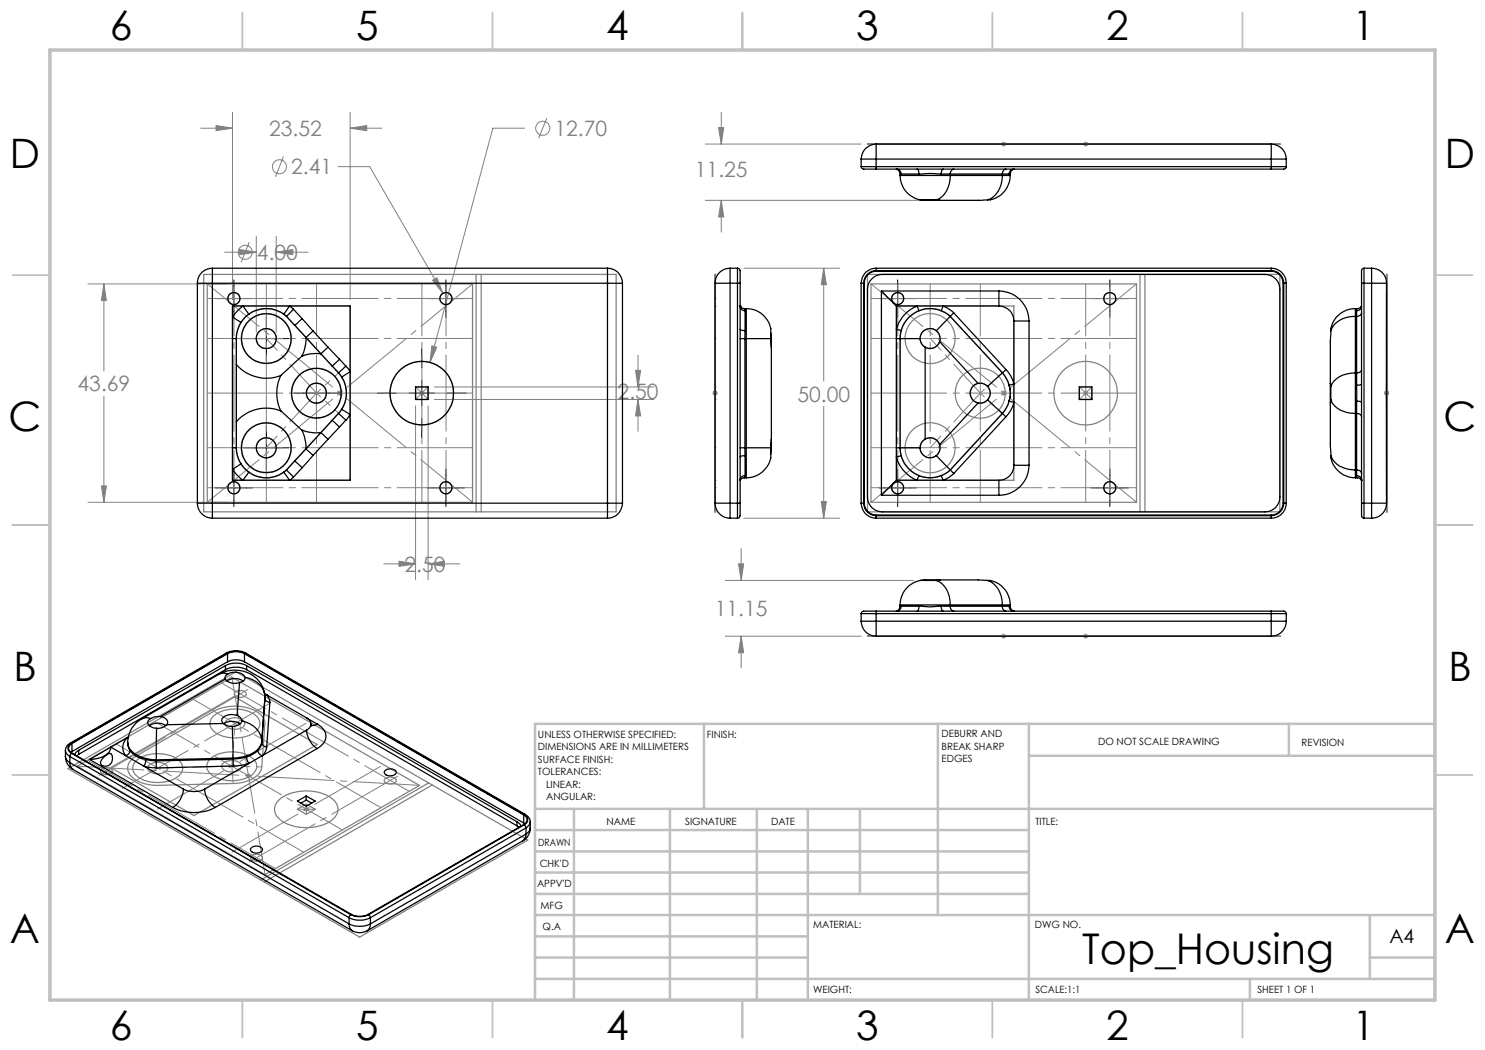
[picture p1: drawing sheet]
<svg xmlns="http://www.w3.org/2000/svg" width="297mm" height="210mm" viewBox="0 0 297 210" stroke-linecap="round" stroke-linejoin="round" font-family="sans-serif">
<g fill="none" stroke="#808080" stroke-width=".2">
<path d="M40.1 25.6h6.4M43.2 25.1l3.3 .5-3.3 .5zM46.5 22.5v37.4M56.7 31.3l-1.6 4.1M67.6 33.3h6.3l14.7 25.4M70 22.5v37.4M70 25.6h6.4M70 25.6l3.3-.5v1zM104.9 25.6h-6.3l-12.6 46.9M109.4 23.6l-1.7 4M141.1 28.8h31.1M143.7 25.5h1l-.4 3.3z"/>
<path d="M144.3 22.5v6.3M200.2 28.8h1.1M200.4 28.5l.7 .7M200.7 28.3v1M201.1 28.5l-.7 .7M216.6 28.8h1M216.8 28.5l.7 .7M217.1 28.3v1M217.5 28.5l-.7 .7M17.6 56.8h27.9M20.8 56.8v17.4M20.8 56.8l.5 3.3h-1z"/>
<path d="M44.9 50.4h6.4M47.9 49.9l3.4 .5-3.4 .5zM49.8 48.4l-1.6 4.1M51.3 47.3v19.2M55.2 50.4l3.4-.5v1zM55.2 47.3v19.2M55.2 50.4h6.4M86.5 56l.9-.4 1.2 3.1zM141.1 40.1h45.6M144.3 40.1v6.3M144.3 40.1l.4 3.3h-1zM148.8 53.6h19.1"/>
<path d="M164.7 53.6v22.6M164.7 53.6l.6 3.3h-1zM20.8 79.2v21.3M67.5 78.6h1M67.6 78.3l.7 .7M68 78.1v1M68.3 78.3l-.7 .7M83.9 78.6h1M84 78.3l.7 .7M84.3 78.1v1M84.7 78.3l-.7 .7M86.4 69.2l.9 .3-1.3 3z"/>
<path d="M86.9 77.4h43.9M86.9 79.9h43.9M127.1 74.1h1l-.5 3.3zM127.6 71v6.4M127.6 79.9v6.3M127.6 79.9l.5 3.3h-1zM142.5 78.6h1M142.7 78.3l.7 .7M143 78.1v1M143.4 78.3l-.7 .7M200.2 78.6h1.1M200.4 78.3l.7 .7"/>
<path d="M200.7 78.1v1M201.1 78.3l-.7 .7M216.6 78.6h1M216.8 78.3l.7 .7M217.1 78.1v1M217.5 78.3l-.7 .7M276.8 78.6h1M277 78.3l.7 .7M277.3 78.1v1M277.7 78.3l-.7 .7M20.3 97.2h1l-.5 3.3zM83.1 81.2v34.7"/>
<path d="M85.6 81.2v34.7M164.7 81.3v22.3M17.6 100.5h27.9M76.8 112.8h6.3M79.8 112.2l3.3 .6-3.3 .5zM85.6 112.8h6.4M85.6 112.8l3.3-.6v1.1zM145.1 116.1h37.6M147.7 112.8h1l-.5 3.3zM148.2 109.7v6.4M148.8 103.6h19.1M164.3 100.3h1l-.6 3.3z"/>
<path d="M145.1 127.2h27.1M148.2 127.2v6.4M148.2 127.2l.5 3.4h-1zM200.2 127.2h1.1M200.4 126.9l.7 .7M200.7 126.7v1M201.1 126.9l-.7 .7M216.6 127.2h1M216.8 126.9l.7 .7M217.1 126.7v1M217.5 126.9l-.7 .7M49.2 155.2h1"/>
<path d="M49.3 154.8l.7 .7M49.7 154.7v1M50 154.8l-.7 .7M60.7 161.8h1.1M60.9 161.5l.7 .7M61.2 161.4v1M61.6 161.5l-.7 .7"/>
<circle cx="55.9" cy="33.3" r="1.4"/>
<circle cx="108.5" cy="25.6" r="1.41"/>
<circle cx="49" cy="50.4" r="1.4"/>
</g>
<g fill="none" stroke="#808080" stroke-width=".25">
<path d="M173.5 28.8h.1M173.5 28.8h82.5M174.2 28.8h.1M178.3 28.8h2.4zM179.3 28.8h.1M180 28.8h.1M180 28.8h10zM181 28.8h10zM184 28.8h4zM191 28.8h10zM194 28.8h4zM200.5 28.8h1.5z"/>
<path d="M202.8 28.8h.1M210.8 28.8h12.7zM215.9 28.8h.1M218.4 28.8h.1M220.7 28.8h2.5zM227.3 28.8h.1M228 28.8h.1M229 28.8h.1M256 28.8h.1M40.7 54.9h82.5v47.5h-82.5zM41.5 56.8h53v43.7h-53zM95.2 54.9v47.5"/>
<path d="M96.2 54.9v47.5M143 54.9h.1M143 56.8h.1M143 54.9v47.5M143 58.5v2.4zM173.5 54.9h82.5v47.5h-82.5zM174.2 56.8h53.1v43.7h-53.1zM228 54.9v47.5M229 54.9v47.5M277.3 54.9h.1M277.3 56.8h.1M277.3 54.9v47.5"/>
<path d="M277.3 58.5v2.4zM46.5 61.2h23.5v34.9h-23.5zM49 63.5a6 6 0 0 1 8.3-.2l10.4 11.3a6 6 0 0 1 0 8.1l-10.4 11.3a6 6 0 0 1-6.5 1 6 6 0 0 1-3.5-5.4v-21.9a5.9 5.9 0 0 1 1.7-4.2zM83.1 77.4h2.5v2.5h-2.5zM143 79.9h.1M143 77.4h.1M143 61.2h.1M143 72.3v12.7zM143 62.7v10zM143 73.7v9.9zM143 65.7v4zM143 76.7v3.9z"/>
<path d="M143 74.6v8.1M143 63.3v-1.6v6M179.3 61.2h23.5v34.9h-23.5zM181.7 63.5a6 6 0 0 1 8.3-.2l10.5 11.3a6.1 6.1 0 0 1 0 8.1l-10.5 11.3a6 6 0 0 1-6.4 1 6 6 0 0 1-3.6-5.4v-21.9a6.3 6.3 0 0 1 1.7-4.2zM215.9 77.4h2.5v2.5h-2.5zM277.3 79.9h.1M277.3 77.4h.1M277.3 61.2h.1M277.3 72.3v12.7zM277.3 62.7v10zM277.3 73.7v9.9zM277.3 65.7v4z"/>
<path d="M277.3 76.7v3.9zM277.3 74.6v8.1M277.3 63.3v-1.6v6M143 96.1h.1M143 96.3v2.5zM143 84.6v10zM143 87.6v3.9zM143 89.6v6v-1.6M277.3 96.1h.1M277.3 96.3v2.5zM277.3 84.6v10zM277.3 87.6v3.9z"/>
<path d="M277.3 89.6v6v-1.6M143 102.4h.1M143 100.5h.1M277.3 102.4h.1M277.3 100.5h.1M47 138.5a1.47 1.47 0 0 1 2.2 .3 1.4 1.4 0 0 1-2.3 .1zM173.5 127.2h.1M173.5 127.2h82.5M174.2 127.2h.1M178.3 127.2h2.4zM179.3 127.2h.1M180 127.2h.1"/>
<path d="M180 127.2h10zM181 127.2h10zM184 127.2h4zM191 127.2h10zM194 127.2h4zM200.5 127.2h1.5zM202.8 127.2h.1M210.8 127.2h12.7zM215.9 127.2h.1M218.4 127.2h.1M220.7 127.2h2.5zM227.3 127.2h.1"/>
<path d="M228 127.2h.1M229 127.2h.1M256 127.2h.1M13.6 153.7l33.6-19.3 58.4 33.6-33.7 19.4zM15.5 153.2l30.9-17.8 37.5 21.7-30.9 17.8zM20.2 153.9a1.51 1.51 0 0 1 2.3 .3 1.46 1.46 0 0 1-2.1 .5 .51 .51 0 0 1-.2-.8zM22.2 153.5l24.6-14.2 16.6 9.6-24.6 14.2zM26.1 152.2l1.2-1 15.5-8.9a8.8 8.8 0 0 1 9.4 .7 2.52 2.52 0 0 1 .8 1.5l-.6 8.9a4 4 0 0 1-3.4 2.9l-2 .4-15.7 .4a6.3 6.3 0 0 1-5.5-2.5 2.07 2.07 0 0 1 .3-2.4zM27.2 152.2a7.2 7.2 0 0 1 8.8 .1 2.02 2.02 0 0 1-.8 3.3 7.4 7.4 0 0 1-8.1-.6 1.89 1.89 0 0 1 .1-2.8zM29.8 153.1a2.62 2.62 0 0 1 3.7 .3 1.34 1.34 0 0 1-1.6 1.4 2.01 2.01 0 0 1-2.4-1.2zM41.9 152a7.2 7.2 0 0 1 8.6-.3 2.08 2.08 0 0 1 .8 2 2.08 2.08 0 0 1-1.5 1.6 7.2 7.2 0 0 1-7.9-.7 1.82 1.82 0 0 1 0-2.6zM42.7 143.3a7.2 7.2 0 0 1 8.8 .1 2.02 2.02 0 0 1-.8 3.2 7.3 7.3 0 0 1-8.1-.5 1.89 1.89 0 0 1 .1-2.8z"/>
<path d="M44.7 152.6a2.7 2.7 0 0 1 3.6 .4 1.17 1.17 0 0 1-1.2 1.3 2.33 2.33 0 0 1-2.7-.9v-.4zM45.2 144.2a2.67 2.67 0 0 1 3.7 .3 1.2 1.2 0 0 1-1.2 1.3 2.27 2.27 0 0 1-2.7-1.1zM77 155.8a1.51 1.51 0 0 1 2.3 .3 1.42 1.42 0 0 1-2.5 0zM85.7 156.6l-33.6 19.4M86.4 157l-33.6 19.4M50.2 171.3a1.49 1.49 0 0 1 2.3 .2 1.41 1.41 0 0 1-2.1 .5 .48 .48 0 0 1-.2-.7zM55.6 160.2a8.6 8.6 0 0 1 7.5-1.8 5.4 5.4 0 0 1 4.4 2.8 2.95 2.95 0 0 1-2 3.4 9.6 9.6 0 0 1-9.4-.6 2.44 2.44 0 0 1-.5-3.8zM59.5 161.8l1.7-1 1.8 1-1.8 1.1z"/>
<circle cx="46.8" cy="59.7" r="1.2"/>
<circle cx="89.2" cy="59.7" r="1.2"/>
<circle cx="179.5" cy="59.7" r="1.2"/>
<circle cx="222" cy="59.7" r="1.19"/>
<circle cx="53.3" cy="67.7" r="5"/>
<circle cx="53.3" cy="67.7" r="2"/>
<circle cx="63.3" cy="78.6" r="5"/>
<circle cx="63.3" cy="78.6" r="2.01"/>
<circle cx="84.4" cy="78.6" r="6.4"/>
<circle cx="186" cy="67.7" r="2"/>
<circle cx="186" cy="67.7" r="5"/>
<circle cx="196" cy="78.6" r="2"/>
<circle cx="196" cy="78.6" r="5"/>
<circle cx="217.1" cy="78.6" r="6.4"/>
<circle cx="46.8" cy="97.6" r="1.22"/>
<circle cx="53.2" cy="89.6" r="5"/>
<circle cx="53.3" cy="89.6" r="2"/>
<circle cx="89.2" cy="97.6" r="1.21"/>
<circle cx="179.5" cy="97.6" r="1.21"/>
<circle cx="186" cy="89.6" r="2.01"/>
<circle cx="186" cy="89.5" r="5"/>
<circle cx="221.9" cy="97.6" r="1.2"/>
</g>
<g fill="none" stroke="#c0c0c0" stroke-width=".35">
##########
* **TASK DIRECTIONS**:
Take every line above that includes "width" and list it.

* **RESULT OF THE TASK**:
<svg xmlns="http://www.w3.org/2000/svg" width="297mm" height="210mm" viewBox="0 0 297 210" stroke-linecap="round" stroke-linejoin="round" font-family="sans-serif">
<g fill="none" stroke="#808080" stroke-width=".2">
<g fill="none" stroke="#808080" stroke-width=".25">
<g fill="none" stroke="#c0c0c0" stroke-width=".35">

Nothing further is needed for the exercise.